The role of metabolic reprogramming in tubular epithelial cells during the progression of acute kidney injury.

机构信息

Medicial Research Center, The First Affiliated Hospital of Zhengzhou University, Zhengzhou, 450052, China.
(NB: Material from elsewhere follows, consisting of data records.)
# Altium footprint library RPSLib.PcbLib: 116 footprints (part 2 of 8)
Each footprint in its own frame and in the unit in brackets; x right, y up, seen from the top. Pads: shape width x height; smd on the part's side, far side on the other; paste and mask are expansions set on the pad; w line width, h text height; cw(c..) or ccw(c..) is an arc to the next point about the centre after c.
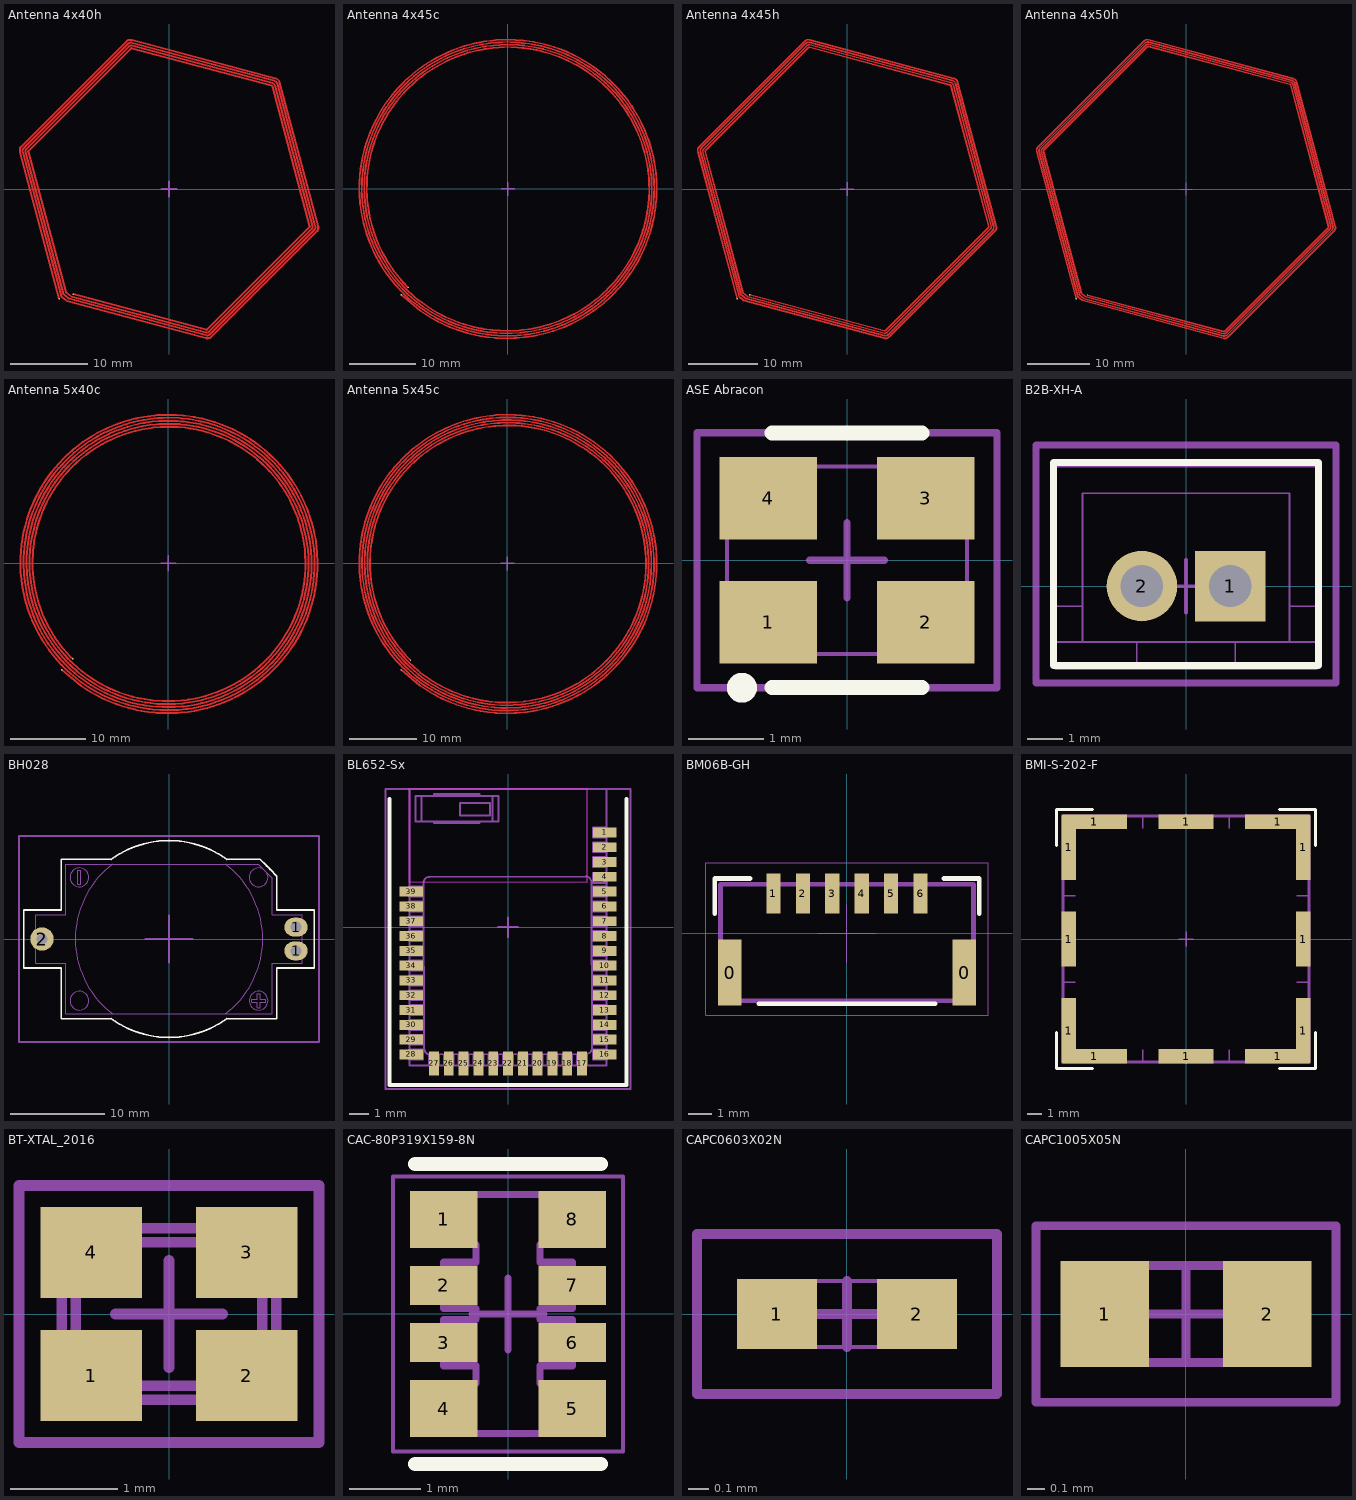
[diagram p1: the footprints below, top view; thin cyan lines are the x and y axes]

## Antenna 4x40h [mm] "Антенна гексагональная 4 витка, 40 мм"
pads (2):
  rect 0.2x0.2 smd mask+0.07: 1(-14.142,-14.142) 2(-12.328,-13.552)
Top Layer:
  region: 325 vertices and 0 holes, not listed, extent -19.326,-19.326 19.326,19.326
Mechanical 15:
  lines w0.2: -1,0 1,0 ; 0,-1 0,1

## Antenna 4x45c [mm] "Антенна спиральная 4 витка, 45 мм"
pads (2):
  rect 0.2x0.2 smd mask+0.07: 1(-15.994,-15.825) 2(-14.933,-14.765)
Top Layer:
  drawing of 1 lines, arcs and shapes, not listed
Mechanical 15:
  lines w0.2: -1,0 1,0 ; 0,-1 0,1

## Antenna 4x45h [mm] "Антенна гексагональная 4 витка, 45 мм"
pads (2):
  rect 0.2x0.2 smd mask+0.07: 1(-15.91,-15.91) 2(-14.095,-15.32)
Top Layer:
  region: 327 vertices and 0 holes, not listed, extent -21.741,-21.741 21.741,21.741
Mechanical 15:
  lines w0.2: -1,0 1,0 ; 0,-1 0,1

## Antenna 4x50h [mm] "Антенна гексагональная 4 витка, 50 мм"
pads (2):
  rect 0.2x0.2 smd mask+0.07: 1(-17.678,-17.678) 2(-15.863,-17.088)
Top Layer:
  region: 319 vertices and 0 holes, not listed, extent -24.156,-24.156 24.156,24.156
Mechanical 15:
  lines w0.2: -1,0 1,0 ; 0,-1 0,1

## Antenna 5x40c [mm] "Антенна спиральная 5 витков, 40 мм"
pads (2):
  rect 0.2x0.2 smd mask+0.07: 1(-14.142,-14.142) 2(-12.728,-12.728)
Top Layer:
  drawing of 1 lines, arcs and shapes, not listed
Mechanical 15:
  lines w0.2: -1,0 1,0 ; 0,-1 0,1

## Antenna 5x45c [mm] "Антенна спиральная 5 витков, 45 мм"
pads (2):
  rect 0.2x0.2 smd mask+0.07: 1(-15.91,-15.91) 2(-14.496,-14.496)
Top Layer:
  drawing of 1 lines, arcs and shapes, not listed
Mechanical 15:
  lines w0.2: -1,0 1,0 ; 0,-1 0,1

## ASE Abracon [mm]
height 1.2
pads (4):
  rect 1.3x1.1 smd mask+0.07: 1(-1.05,-0.825) 2(1.05,-0.825) 3(1.05,0.825) 4(-1.05,0.825)
Top Overlay:
  circle w0.2: c-1.4,-1.7 r0.1
  lines w0.2: -1,-1.7 1,-1.7 ; -1,1.7 1,1.7
Mechanical 13:
  lines w0.05: -1.6,-1.25 1.6,-1.25 1.6,1.25 -1.6,1.25 -1.6,-1.25
Mechanical 15:
  lines w0.1: -0.5,0 0.5,0 ; 0,-0.5 0,0.5 ; -2,-1.7 -2,1.7 2,1.7 2,-1.7 -2,-1.7
3D body "ASE.stp": height 1.2, standoff 0, extent -1.6,-1.25 1.6,1.25

## B2B-XH-A [mm] "2 pin connector"
height 7
pads (2):
  rect 2x2 hole 1.2 mask+0.07: 1(1.25,0)
  round 2 hole 1.2 mask+0.07: 2(-1.25,0)
Top Overlay:
  lines w0.2: -3.75,-2.25 3.75,-2.25 3.75,3.5 -3.75,3.5 -3.75,-2.25
Mechanical 13:
  lines w0.05: -1.753,-2.349 1.753,-2.349 ; -1.753,-1.587 1.753,-1.587 ; -3.696,-1.587 -1.894,-1.587 -1.397,-1.587 -1.397,-2.349 -1.894,-2.349 -3.696,-2.349 -3.696,-1.587 ; -3.696,-1.587 -3.696,-0.572 ; -3.696,-1.587 -2.934,-1.587 -2.934,-0.572 ; -3.696,-0.572 -3.696,3.391 3.696,3.391 3.696,-0.572 ; -3.696,-0.572 -2.934,-0.572 ; -3.696,-0.572 -2.934,-0.572 ; -2.934,-0.572 -2.934,2.629 2.934,2.629 2.934,-0.572 ; 2.934,-0.572 3.696,-0.572 ; 2.934,-0.572 2.934,-1.587 3.696,-1.587 ; 2.934,-0.572 3.696,-0.572 ; 3.696,-1.587 1.894,-1.587 1.397,-1.587 1.397,-2.349 1.894,-2.349 3.696,-2.349 3.696,-1.587 ; 3.696,-1.587 3.696,-0.572
Mechanical 15:
  lines w0.1: -0.75,0 0.75,0 ; 0,-0.75 0,0.75
  lines w0.2: -4.25,-2.75 -4.25,4 4.25,4 4.25,-2.75 -4.25,-2.75
3D body "B2B-XH-A.stp": height 7.11, standoff -3.81, extent -3.696,-2.349 3.696,3.391

## BH028 [mm] "Держатель батареи"
height 5.5
pads (3):
  oval 2.5x2 hole 1.2 mask+0.07: 1(13.55,-1.27) 1(13.55,1.27)
  round 2.5 hole 1.2 mask+0.07: 2(-13.55,0)
Top Overlay:
  lines w0.2: -15.5,-3.1 -15.5,3.1 -11.5,3.1 -11.5,8.5 -6.164,8.5 cw(c0,0) 6.164,8.5 9.707,8.5 10.404,7.803 10.789,7.418 11.5,6.707 11.5,3.1 15.5,3.1 15.5,-3.1 11.5,-3.1 11.5,-8.5 6.164,-8.5 cw(c0,0) -6.164,-8.5 -11.5,-8.5 -11.5,-3.1 -15.5,-3.1
Mechanical 13:
  circle w0.1: c9.562,-6.577 r1
  circle w0.1: c-9.562,-6.577 r1
  circle w0.1: c-9.562,6.577 r1
  lines w0.1: -6,-8 cw(c0,0) -6,8 ; -6,-8 -11,-8 -11,-2.6 -14.2,-2.6 -14.2,2.6 -11,2.6 -11,8 -6,8 ; -6,-8 6,-8 ; -6,8 6,8 ; 6,-8 ccw(c0,0) 6,8 ; 6,-8 11,-8 11,-2.6 14.2,-2.6 14.2,2.6 11,2.6 11,6.5 10.435,7.065 ; 6,8 9.5,8 10.051,7.449 ; 10.051,7.449 ccw(c9.562,6.577) 10.435,7.065 ; 10.051,7.449 10.435,7.065 ; -9.712,5.827 -9.412,5.827 -9.412,7.327 -9.712,7.327 -9.712,5.827 ; 8.812,-6.727 9.412,-6.727 9.412,-7.327 9.712,-7.327 9.712,-6.727 10.312,-6.727 10.312,-6.427 9.712,-6.427 9.712,-5.827 9.412,-5.827 9.412,-6.427 8.812,-6.427 8.812,-6.727
Mechanical 15:
  lines w0.2: -2.5,0 2.5,0 ; 0,-2.5 0,2.5 ; -16,-11 -16,11 16,11 16,-11 -16,-11
3D body "BH028.stp": height 5.5, standoff -2, extent -14.2,-8 14.2,8

## BL652-Sx [mm]
height 2.1
pads (39):
  rect 1.2x0.5 smd mask+0.07: 1(4.9,4.8) 2(4.9,4.046) 3(4.9,3.3) 4(4.9,2.551) 5(4.9,1.801) 6(4.9,1.052) 7(4.9,0.298) 8(4.9,-0.449) 9(4.9,-1.2) 10(4.9,-1.95) 11(4.9,-2.699) 12(4.9,-3.45) 13(4.9,-4.2) 14(4.9,-4.95) 15(4.9,-5.697) 16(4.9,-6.451) 28(-4.9,-6.451) 29(-4.9,-5.697) 30(-4.9,-4.95) 31(-4.9,-4.2) 32(-4.9,-3.45) 33(-4.9,-2.699) 34(-4.9,-1.95) 35(-4.9,-1.2) 36(-4.9,-0.449) 37(-4.9,0.298) 38(-4.9,1.052) 39(-4.9,1.801)
  rect 0.5x1.2 smd mask+0.07: 17(3.75,-6.905) 18(3.002,-6.905) 19(2.252,-6.905) 20(1.502,-6.905) 21(0.751,-6.905) 22(-0.001,-6.905) 23(-0.749,-6.905) 24(-1.5,-6.905) 25(-2.25,-6.905) 26(-3,-6.905) 27(-3.748,-6.905)
Top Overlay:
  lines w0.2: -6,6.5 -6,-8 6,-8 6,6.5
Keep-Out Layer:
  lines w0.1: -5,2.275 4,2.275 4,7 -5,7 -5,2.275
Mechanical 13:
  drawing of 296 lines, arcs and shapes, not listed
Mechanical 15:
  lines w0.1: -0.5,0 0.5,0 ; 0,-0.5 0,0.5 ; -6.2,-8.2 6.2,-8.2 6.2,7 -6.2,7 -6.2,-8.2
3D body "BL652-SA.stp": height 2.35, standoff 0, extent -5.008,-7.006 5.008,7

## BM06B-GH [mm]
height 4.05
pads (8):
  rect 1x2.8 smd paste-0.05: 0(-4.975,-1.675) 0(4.975,-1.675)
  rect 0.6x1.7 smd paste-0.05: 1(-3.125,1.675) 2(-1.875,1.675) 3(-0.625,1.675) 4(0.625,1.675) 5(1.875,1.675) 6(3.125,1.675)
Top Overlay:
  lines w0.2: -5.625,0.825 -5.625,2.325 -4.125,2.325 ; -3.75,-3 3.75,-3 ; 4.125,2.325 5.625,2.325 5.625,0.825
Mechanical 13:
  lines w0.2: -5.375,-2.875 5.375,-2.875 5.375,2.075 -5.375,2.075 -5.375,-2.875
Mechanical 15:
  lines w0.05: -1.25,0 1.25,0 ; 0,-1.25 0,1.25 ; -6,-3.5 -6,3 6,3 6,-3.5 -6,-3.5
3D body "BM06B-GHS-TBT.STEP": height 4.18, standoff -0.03, extent -5.375,-2.875 5.375,2.075

## BMI-S-202-F [mm] "EMI Shield"
height 3.6
pads (12):
  rect 1x4.55 smd paste-0.07 mask+0.07: 1(-8.15,-6.375) 1(-8.15,6.375) 1(8.15,-6.375) 1(8.15,6.375)
  rect 1x3.8 smd paste-0.07 mask+0.07: 1(-8.15,0) 1(8.15,0)
  rect 4.55x1 smd paste-0.07 mask+0.07: 1(-6.375,-8.15) 1(-6.375,8.15) 1(6.375,-8.15) 1(6.375,8.15)
  rect 3.8x1 smd paste-0.07 mask+0.07: 1(0,-8.15) 1(0,8.15)
Top Overlay:
  lines w0.2: -9,-6.5 -9,-9 -6.5,-9 ; -9,6.5 -9,9 -6.5,9 ; 6.5,-9 9,-9 9,-6.5 ; 6.5,9 9,9 9,6.5
Mechanical 13:
  lines w0.1: -8.549,-3 -7.7,-3 ; -8.549,3 -7.7,3 ; -3,-8.549 -3,-7.7 ; -3,7.7 -3,8.55 ; 3,-8.549 3,-7.7 ; 3,7.7 3,8.55 ; 7.7,-3 8.55,-3 ; 7.7,3 8.55,3
  lines w0.2: -8.549,-8.549 -8.549,8.55 8.55,8.55 8.55,-8.549 -8.549,-8.549
Mechanical 15:
  lines w0.1: -0.5,0 0.5,0 ; 0,-0.5 0,0.5
3D body "Laird-BMI-S-202-F.stp": height 3.6, standoff 0, extent -8.549,-8.549 8.55,8.55

## BT-XTAL_2016 [mm] "Crystal 2.0 x 1.6 mm"
height 0.5
pads (4):
  rect 0.95x0.85 smd: 1(-0.725,-0.575) 2(0.725,-0.575) 3(0.725,0.575) 4(-0.725,0.575)
Mechanical 13:
  lines w0.1: -1,-0.7 cw(c-1,-0.8) -0.9,-0.8 0.9,-0.8 cw(c1,-0.8) 1,-0.7 1,0.7 cw(c1,0.8) 0.9,0.8 -0.9,0.8 cw(c-1,0.8) -1,0.7 -1,-0.7 ; -0.87,-0.57 ccw(c-0.77,-0.57) -0.77,-0.67 0.77,-0.67 ccw(c0.77,-0.57) 0.87,-0.57 0.87,0.57 ccw(c0.77,0.57) 0.77,0.67 -0.77,0.67 ccw(c-0.77,0.57) -0.87,0.57 -0.87,-0.57
Mechanical 15:
  lines w0.1: -0.5,0 0.5,0 ; 0,-0.5 0,0.5 ; -1.4,-1.2 1.4,-1.2 1.4,1.2 -1.4,1.2 -1.4,-1.2
3D body: height 0.56, standoff 0.15, extent -0.7,-0.65 0.7,0.65
3D body "User Library-GeyerElectronics_KX5.step": height 0.56, standoff 0, extent -1.05,-0.85 1.05,0.85

## CAC-80P319X159-8N [mm] "Chip Array, ConvexS, 8-Leads, Pitch 0.80mm,  Body 3.20x1.60mm,  IPC Medium Density"
height 1
pads (8):
  rect 0.95x0.8 smd mask+0.07: 1(-0.9,1.325) 4(-0.9,-1.325) 5(0.9,-1.325) 8(0.9,1.325)
  rect 0.95x0.55 smd mask+0.07: 2(-0.9,0.4) 3(-0.9,-0.4) 6(0.9,-0.4) 7(0.9,0.4)
Top Overlay:
  lines w0.2: -1.3,-2.1 1.3,-2.1 ; -1.3,2.1 1.3,2.1
Mechanical 13:
  lines w0.1: -0.9,-1.675 0.9,-1.675 0.9,-0.975 0.45,-0.975 0.45,-0.725 0.9,-0.725 0.9,-0.075 0.45,-0.075 0.45,0.075 0.9,0.075 0.9,0.725 0.45,0.725 0.45,0.975 0.9,0.975 0.9,1.675 -0.9,1.675 -0.9,0.975 -0.45,0.975 -0.45,0.725 -0.9,0.725 -0.9,0.075 -0.45,0.075 -0.45,-0.075 -0.9,-0.075 -0.9,-0.725 -0.45,-0.725 -0.45,-0.975 -0.9,-0.975 -0.9,-1.675
Mechanical 15:
  lines w0.05: -1.61,-1.925 1.61,-1.925 1.61,1.925 -1.61,1.925 -1.61,-1.925
  lines w0.1: -0.5,0 0.5,0 ; 0,-0.5 0,0.5
3D body "CAC-80P319X159-8N.step": height 1, standoff 0, extent -0.95,-1.675 0.95,1.675

## CAPC0603X02N [mm] "Chip Capacitor, 2-Leads, Body 0.60x0.30mm, IPC Medium Density"
height 0.23
pads (2):
  rect 0.4x0.35 smd paste-1: 1(-0.35,0) 2(0.35,0)
Top Paste:
  region: 0.45,0.15 0.46,0.15 0.478,0.142 0.492,0.128 0.5,0.11 0.5,0.1 0.5,-0.1 0.5,-0.11 0.492,-0.128 0.478,-0.142 0.46,-0.15 0.45,-0.15 0.225,-0.15 0.215,-0.15 0.197,-0.142 0.183,-0.128 0.175,-0.11 0.175,-0.1 0.175,0.1 0.175,0.11 0.183,0.128 0.197,0.142 0.215,0.15 0.225,0.15
  region: -0.45,-0.15 -0.46,-0.15 -0.478,-0.142 -0.492,-0.128 -0.5,-0.11 -0.5,-0.1 -0.5,0.1 -0.5,0.11 -0.492,0.128 -0.478,0.142 -0.46,0.15 -0.45,0.15 -0.225,0.15 -0.215,0.15 -0.197,0.142 -0.183,0.128 -0.175,0.11 -0.175,0.1 -0.175,-0.1 -0.175,-0.11 -0.183,-0.128 -0.197,-0.142 -0.215,-0.15 -0.225,-0.15
Mechanical 13:
  lines w0.02: -0.315,-0.165 -0.315,0.165 0.315,0.165 0.315,-0.165 -0.315,-0.165
Mechanical 15:
  lines w0.05: -0.165,0 0.165,0 ; 0,-0.165 0,0.165 ; -0.75,-0.4 -0.75,0.4 0.75,0.4 0.75,-0.4 -0.75,-0.4
3D body "CAPC0603X02N.step": height 0.23, standoff 0, extent -0.315,-0.165 0.315,0.165

## CAPC1005X05N [mm] "Chip Capacitor, 2-Leads, Body 1.00x0.50mm, IPC Medium Density"
height 0.45
pads (2):
  rect 0.5x0.6 smd paste-0.03 mask+0.07: 1(-0.46,0) 2(0.46,0)
Mechanical 13:
  lines w0.05: -0.525,-0.275 -0.525,0.275 0.525,0.275 0.525,-0.275 -0.525,-0.275
Mechanical 15:
  lines w0.05: -0.275,0 0.275,0 ; 0,-0.275 0,0.275 ; -0.85,-0.5 0.85,-0.5 0.85,0.5 -0.85,0.5 -0.85,-0.5
3D body "CAPC1005X05N.step": height 0.45, standoff 0, extent -0.525,-0.275 0.525,0.275

Emergency Department, The First Affiliated Hospital of Zhengzhou University, Zhengzhou, 450052, China.

出版信息

Cell Mol Life Sci. 2021 Aug;78(15):5731-5741. doi: 10.1007/s00018-021-03892-w. Epub 2021 Jun 29.

Abstract

Acute kidney injury (AKI) is one of the most common clinical syndromes. AKI is associated with significant morbidity and subsequent chronic kidney disease (CKD) development. Thus, it is urgent to develop a strategy to hinder AKI progression. Renal tubules are responsible for the reabsorption and secretion of various solutes and the damage to this part of the nephron is a key mediator of AKI. As we know, many common renal insults primarily target the highly metabolically active proximal tubular cells (PTCs). PTCs are the most energy-demanding cells in the kidney. The ATP that they use is mostly produced in their mitochondria by fatty acid β-oxidation (FAO). But, when PTCs face various biological stresses, FAO will shut down for a time that outlives injury. Recent studies have suggested that surviving PTCs can adapt to FAO disruption by increasing glycolysis when facing metabolic constraints, although PTCs do not perform glycolysis in a normal physiological state. Enhanced glycolysis in a short period compensates for impaired energy production and exerts partial renal-protective effects, but its long-term effect on renal function and AKI progression is not promising. Deranged FAO and enhanced glycolysis may contribute to the AKI to CKD transition through different molecular biological mechanisms. In this review, we concentrate on the recent pathological findings of AKI with regards to the metabolic reprogramming in PTCs, confirming that targeting metabolic reprogramming represents a potentially effective therapeutic strategy for the progression of AKI.

摘要

急性肾损伤(AKI)是最常见的临床综合征之一。AKI 与显著的发病率和随后的慢性肾脏病(CKD)发展有关。因此,迫切需要制定一种策略来阻止 AKI 的进展。肾小管负责各种溶质的重吸收和分泌,而肾单位这部分的损伤是 AKI 的关键介导因素。众所周知,许多常见的肾损伤主要针对高度代谢活跃的近端肾小管细胞(PTCs)。PTCs 是肾脏中能量需求最高的细胞。它们使用的 ATP 主要由脂肪酸β氧化(FAO)在其线粒体中产生。但是,当 PTCs 面临各种生物应激时,FAO 会暂时关闭,而这种关闭会持续到损伤发生之后。最近的研究表明,当面临代谢限制时,存活的 PTCs 可以通过增加糖酵解来适应 FAO 中断,尽管 PTCs 在正常生理状态下不进行糖酵解。在短时间内增强糖酵解可以弥补能量产生的受损,并发挥部分肾脏保护作用,但它对肾功能和 AKI 进展的长期影响并不乐观。FAO 紊乱和糖酵解增强可能通过不同的分子生物学机制导致 AKI 向 CKD 转变。在这篇综述中,我们集中讨论了 AKI 中 PTCs 代谢重编程的最新病理发现,证实靶向代谢重编程代表了 AKI 进展的一种潜在有效治疗策略。